Сам шатаясь, оттащил Пекка покойных в сторону, освободил земляка от тяжести. Сил даже говорить не было, знаками показал — уходить надо.
Так держась друг за дружку, то ползком, то на ноги поднимаясь, добрались солдаты до берега озера Сайменского. Путь тот показался Пекке бесконечным. Ну, да повезло им. Раз нарвались на русских. Упасть успели, мертвыми притворились. Мундирами рваными, порохом прожженными, кровью своей да чужой измазанными, они от мертвецов ничем не отличались. Вот и пронесло. Правда, один гренадер русский, мимо пробегая, ткнул-таки багинетом ржавым Пекку. Зубы стиснул парень от боли, не шевельнулся. Не выдал себя. Так и добрались до берега. И здесь Господь хранил. Лодка нашлась утлая, но на плаву державшаяся. Помог Пекка обессиленному Тимо, через борт перевалил его, из последних сил вытолкнул лодку, и сам на дно рухнул. До темноты самой лежали без движения. Пару раз пули просвистели над ними. Видно, заметил кто-то с берега, стрельнул наугад. Не попали. Лодка медленно двигалась куда-то. Лишь когда стемнело, выглянул Пекка осторожно. Отнесло их довольно далеко от берега. Вильманстранд чернел дымами вдалеке, пожарами отражаясь на глади озерной. Пекка весло нащупал. Сел, от боли морщась. Грести начал потихоньку. К утру до берега противоположного добрались. А дальше лесами к деревеньке вышли. Крестьяне приютили, раны перевязали, покормили. Отсыпались два дня друзья на сеновале. А на третий день весть принесли, что русские сожгли Вильманстранд дотла, а сами отступили туда, откуда пришли.

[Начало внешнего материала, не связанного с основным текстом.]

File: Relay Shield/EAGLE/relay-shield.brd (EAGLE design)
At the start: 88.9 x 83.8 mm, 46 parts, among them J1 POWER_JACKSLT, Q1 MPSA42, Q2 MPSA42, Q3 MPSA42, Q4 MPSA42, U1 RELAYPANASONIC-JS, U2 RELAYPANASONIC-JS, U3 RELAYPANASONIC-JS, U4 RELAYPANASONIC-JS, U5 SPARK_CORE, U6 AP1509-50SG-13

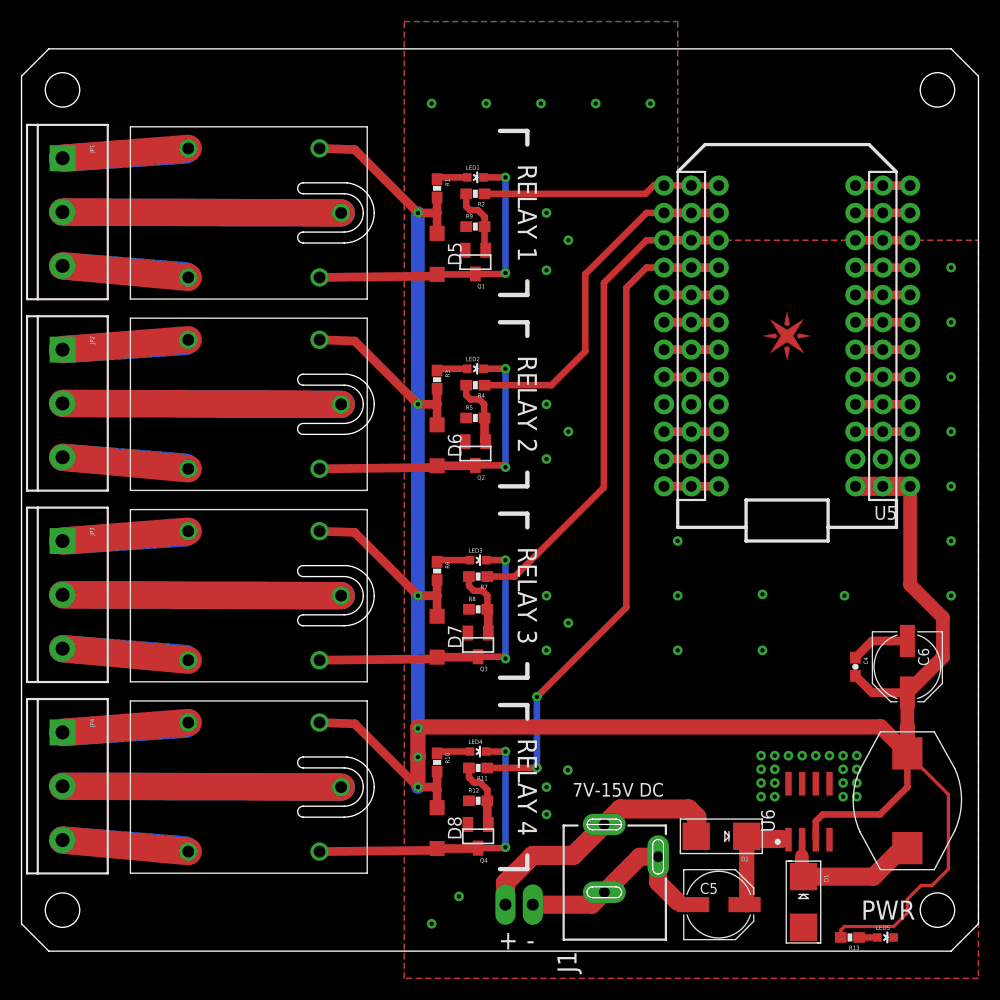
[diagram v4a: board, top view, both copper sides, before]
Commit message: updated relay shield files to v210
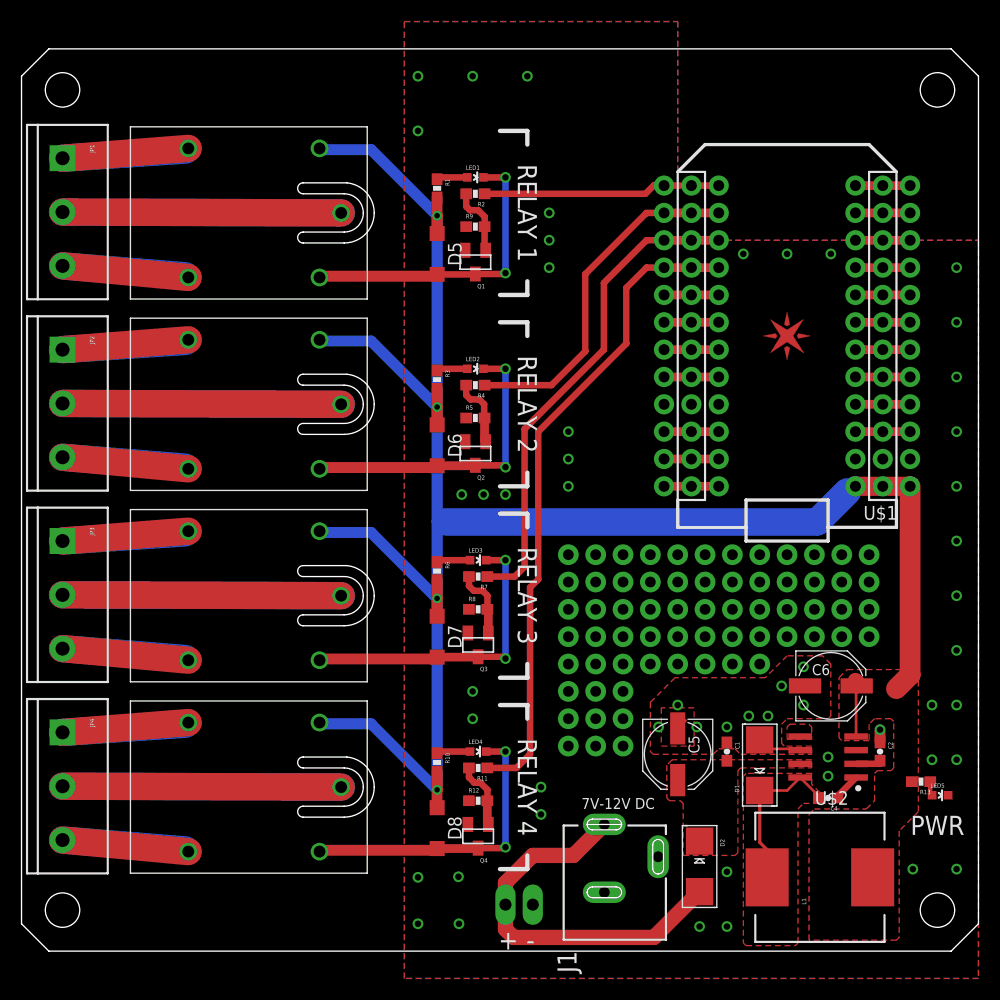
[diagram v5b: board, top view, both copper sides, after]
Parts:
- removed U6: AP1509-50SG-13, Spark:SO08
- added C1: 0.1uF, SparkFun-Capacitors:0603-CAP
- added C2: 10nF, SparkFun-Capacitors:0603-CAP
- added U$2: LM2672, Spark:SO08
- C5: value 47uF, 25V -> 100uF, 16V
- C6: value 100uF, 10V -> 56uF, 10V
- L1: value SDR1005-470KL -> CDRH125NP-470M; device Spark:INDUCTOR-SDR1005-470KL -> SparkFun-Passives:CDRH125
- moved R13 15.9 mm to (83.6, 15.7)
- moved C5 14.5 mm to (61.0, 18.3), turned to 270 degrees
- moved LED5 14.2 mm to (85.3, 14.5)
- moved D1 13.3 mm to (68.6, 17.3), turned to 90 degrees
- moved C4 12.5 mm to (74.9, 14.2), turned to 180 degrees
- moved L1 10.8 mm to (74.2, 6.86)
- moved C6 7.33 mm to (75.2, 24.6), turned to 0 degrees
- moved D2 3.45 mm to (63.0, 7.87), turned to 270 degrees
- renumbered U5 to U$1
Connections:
- new net N$33: C4.1, U$2.1
- new net N$35: U$2.5
- new net N$36: C2.2, U$2.2
- net +5V: now also L1.2, U$2.4; no longer C4.2, L1.P$2, U6.3
- net GND: now also C1.1, C2.1, U$2.6; no longer C4.1, U6.4, U6.5, U6.6, U6.7, U6.8
- net N$14: now also C1.2, U$2.7; no longer U6.1
- net N$34: now also C4.2, L1.1, U$2.8; no longer L1.P$1, U6.2
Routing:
- net +5V: track 257.8 -> 191.0 mm, vias 6 -> 4
- net GND: track 25.4 -> 7.21 mm, vias 52 -> 53
- net N$32: track 24.8 -> 35.9 mm
- net N$14: track 10.6 -> 0.52 mm
- net N$36: track 0.00 -> 2.91 mm
- net N$33: track 0.00 -> 2.78 mm
- net N$34: track 16.5 -> 15.2 mm
- net RELAY4: track 62.0 -> 60.9 mm, vias 2 -> 0
- added copper zone on layer 1, net +5V
- added copper zone on layer 1, net N$14
- added copper zone on layer 1, net N$34
- added copper zone on layer 1, net N$35
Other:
- board text added: "7V-12V DC"
- board text added: "Relay Shield v2.1.0 spark.io"
- board text removed: "7V-15V DC"
- board text removed: "Reference Designs ARE PROVIDED "AS IS" AND "WITH ALL FAULTS. SPARK LABS, INC ("SPARK") DISCLAIMS ALL OTHER WARRANTIES, EXPRESS OR IMPLIED, REGARDING PRODUCTS OR THE REFERENCE DESIGNS, INCLUDING BUT NOT LIMITED TO, ANY IMPLIED WARRANTIES OF MERCHANTABILITY, FITNESS FOR A PARTICULAR PURPOSE, OR NON-INFRINGEMENT. Spark may make changes to specifications and product descriptions at any time, without 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"
- board text removed: "Relay Shield v2.0.1 spark.io"

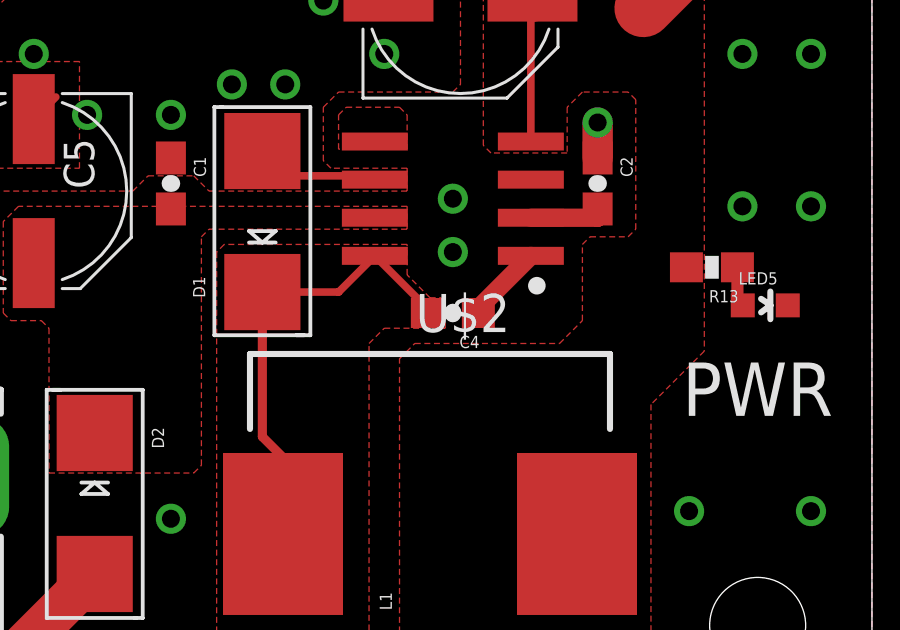
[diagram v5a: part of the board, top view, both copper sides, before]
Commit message: updated the bom and designator for regulator
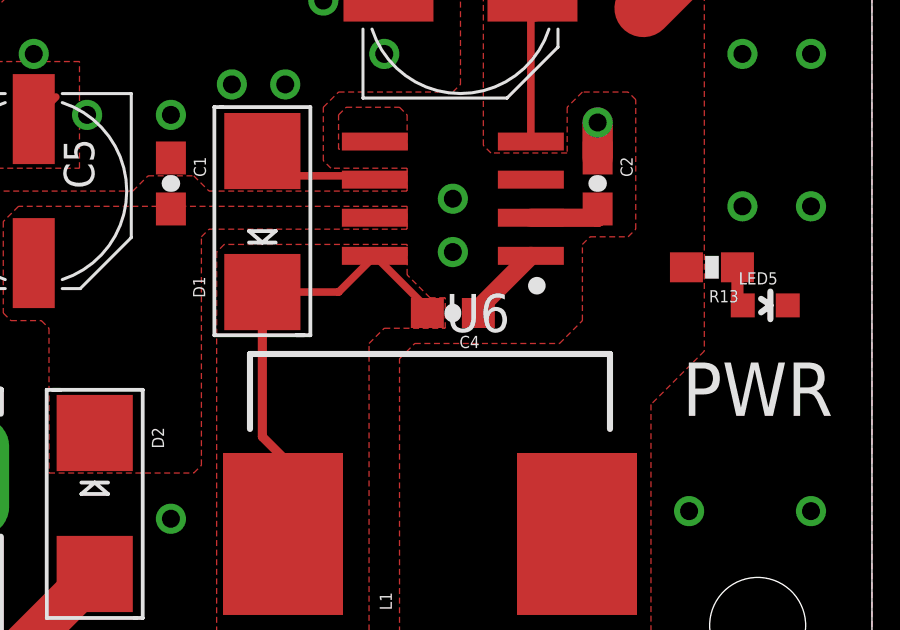
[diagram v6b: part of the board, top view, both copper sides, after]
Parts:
- renumbered U$2 to U6
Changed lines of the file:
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@@
 <element name="D1" library="adafruit" package="SMADIODE" value="B230" x="68.58" y="17.272" rot="R90"/>
 <element name="D2" library="adafruit" package="SMADIODE" value="B230" x="62.992" y="7.874" rot="R270"/>
-<element name="U$2" library="Spark" package="SO08" value="LM2672" x="74.93" y="18.034" rot="R90"/>
+<element name="U6" library="Spark" package="SO08" value="LM2672" x="74.93" y="18.034" rot="R90"/>
 <element name="C1" library="SparkFun-Capacitors" package="0603-CAP" value="0.1uF" x="65.532" y="18.542" rot="R270">
 <attribute name="PROD_ID" value="CAP-08604" x="65.532" y="18.542" size="1.778" layer="27" rot="R270" display="off"/>
@@
 <contactref element="Q3" pad="2"/>
 <contactref element="Q4" pad="2"/>
-<contactref element="U$2" pad="6"/>
-<contactref element="U$2" pad="6"/>
+<contactref element="U6" pad="6"/>
+<contactref element="U6" pad="6"/>
 <contactref element="C5" pad="-"/>
 <contactref element="J1" pad="GND@1"/>
@@
 <contactref element="D7" pad="C"/>
 <contactref element="D8" pad="C"/>
-<contactref element="U$2" pad="4"/>
+<contactref element="U6" pad="4"/>
 <contactref element="C6" pad="+"/>
 <contactref element="R13" pad="2"/>
@@
 <signal name="N$14">
 <contactref element="C5" pad="+"/>
-<contactref element="U$2" pad="7"/>
+<contactref element="U6" pad="7"/>
 <contactref element="D2" pad="C"/>
 <contactref element="C1" pad="2"/>
@@
 </signal>
 <signal name="N$33">
-<contactref element="U$2" pad="1"/>
+<contactref element="U6" pad="1"/>
 <contactref element="C4" pad="1"/>
 <wire x1="77.53" y1="15.974" x2="77.53" y2="16.129" width="0.254" layer="1"/>
@@
 </signal>
 <signal name="N$34">
-<contactref element="U$2" pad="8"/>
+<contactref element="U6" pad="8"/>
 <contactref element="D1" pad="C"/>
 <contactref element="C4" pad="2"/>
@@
 </signal>
 <signal name="N$35">
-<contactref element="U$2" pad="5"/>
+<contactref element="U6" pad="5"/>
 <polygon width="0" layer="1" spacing="6.4516" thermals="no">
 <vertex x="71.12" y="19.685"/>
@@
 <signal name="N$36">
 <contactref element="C2" pad="2"/>
-<contactref element="U$2" pad="2"/>
+<contactref element="U6" pad="2"/>
 <wire x1="80.01" y1="17.399" x2="79.756" y2="17.692" width="0.4064" layer="1"/>
 <wire x1="77.53" y1="17.399" x2="79.756" y2="17.399" width="0.6096" layer="1"/>

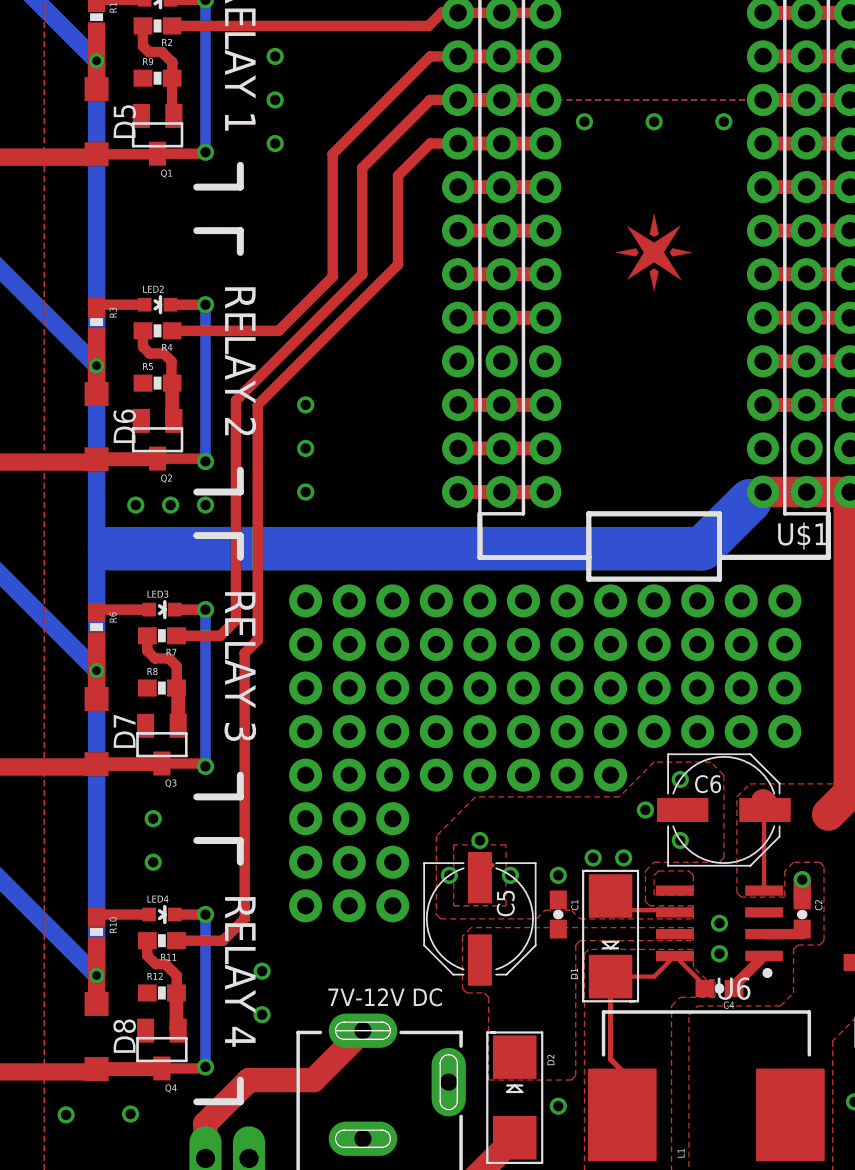
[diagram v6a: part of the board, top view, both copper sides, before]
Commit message: updated designators and bom
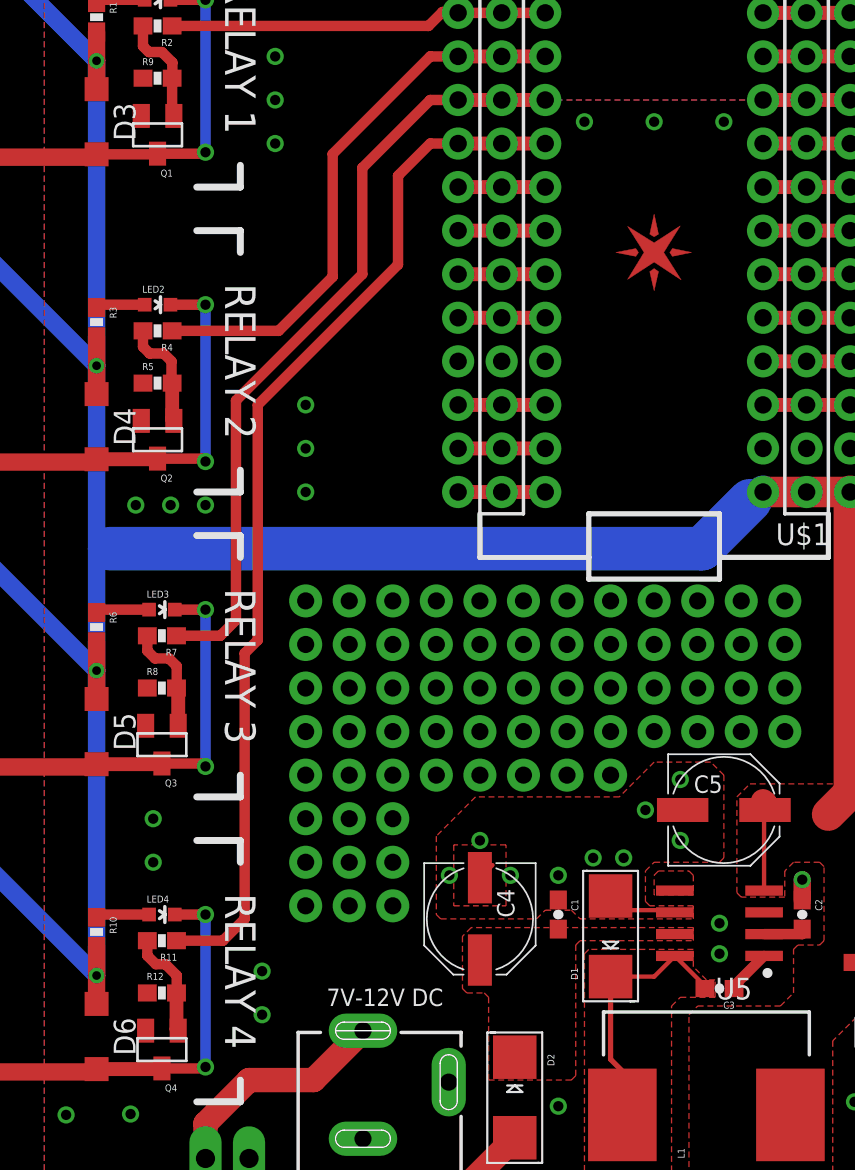
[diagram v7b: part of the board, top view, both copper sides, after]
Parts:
- removed C6: 56uF, 10V, SparkFun-Capacitors:PANASONIC_D
- removed D7, D8: (no value), diode:SOD123
- added C3: 10nF, SparkFun-Capacitors:0603-CAP
- added D3, D4: (no value), diode:SOD123
- C4: value 10nF -> 100uF, 16V; device SparkFun-Capacitors:0603-CAP -> SparkFun-Capacitors:PANASONIC_D
- C5: value 100uF, 16V -> 56uF, 10V
- moved D6 35.6 mm to (38.6, 11.4)
- moved D5 35.6 mm to (38.6, 29.2)
- moved C5 15.6 mm to (75.2, 24.6), turned to 0 degrees
- moved C4 14.5 mm to (61.0, 18.3), turned to 270 degrees
- renumbered U6 to U5
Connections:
- net +5V: now also C5.+, D3.C, D4.C; no longer C6.+, D7.C, D8.C
- net GND: now also C4.-; no longer C6.-
- net N$1: now also D3.A; no longer D5.A
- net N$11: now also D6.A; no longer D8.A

— Что будем делать, Ярвинен? — руку раненую лелея, на весу другой поддерживая, спросил молодой Нурминен.
— Не знаю. — Помолчав, ответил Пекка. У него, багинетом проткнутый, бок болел и гноился. — Второй батальон наш неподалеку от Фридрихгама стоял. Но нам не дойти туда. — Подумав еще немного, добавил:
— Пойдем домой, Нурминен. Отвоевались мы.
Недели две добирались солдаты до родного Руколакса. Шли дорогами лесными, обочинами, стараясь ближе к лесу держаться. По сторонам озирались. Заслышав стук копыт, прятались. Не хотелось ни шведов встретить, ни русских. Одни за дезертиров примут, повесить могут, другие в плен заберут. Из оружия, кроме ножей, ничего и не было. Только много ли ими навоюешь, коли оба раненные.
Охнула Миитта, сына увидев. Если б к стене не прислонилась, рухнула б. Опомнилась, обняла осторожно, видя кровь сплошную на мундире рваном, и в избу повела. Перевязывала сына, плакала потихоньку. Отошел Пекка, душой и телом поправился в тепле домашнем, в любви материнской. Бок лишь не заживал, гноился все. Мать выпросила у старого Укконена мази целебной, повязки меняла сыну. Дело, вроде б, на поправку пошло. Стал и Пекка о войне забывать. Да не тут-то было. Напомнила она о себе. Майор Кильстрем заявился, что дриблингами командовать был оставлен.
Пригнувшись, пролез через порог он в избушку Ярвиненов. Распрямился, брезгливо по сторонам осматриваясь, от дыма едкого морщась. Сел на скамью грубую и на Пекку уставился, в насмешке губы кривя тонкие. Солдат сидел молча, к стене откинувшись. Ждал, что скажет гость незваный.
— Слышал, что вернулся ты, Ярвинен, — разомкнул губы Кильстрем. — И как прикажешь тебя называть? Дезертиром? — с трудом подбирая финские слова, произнес майор.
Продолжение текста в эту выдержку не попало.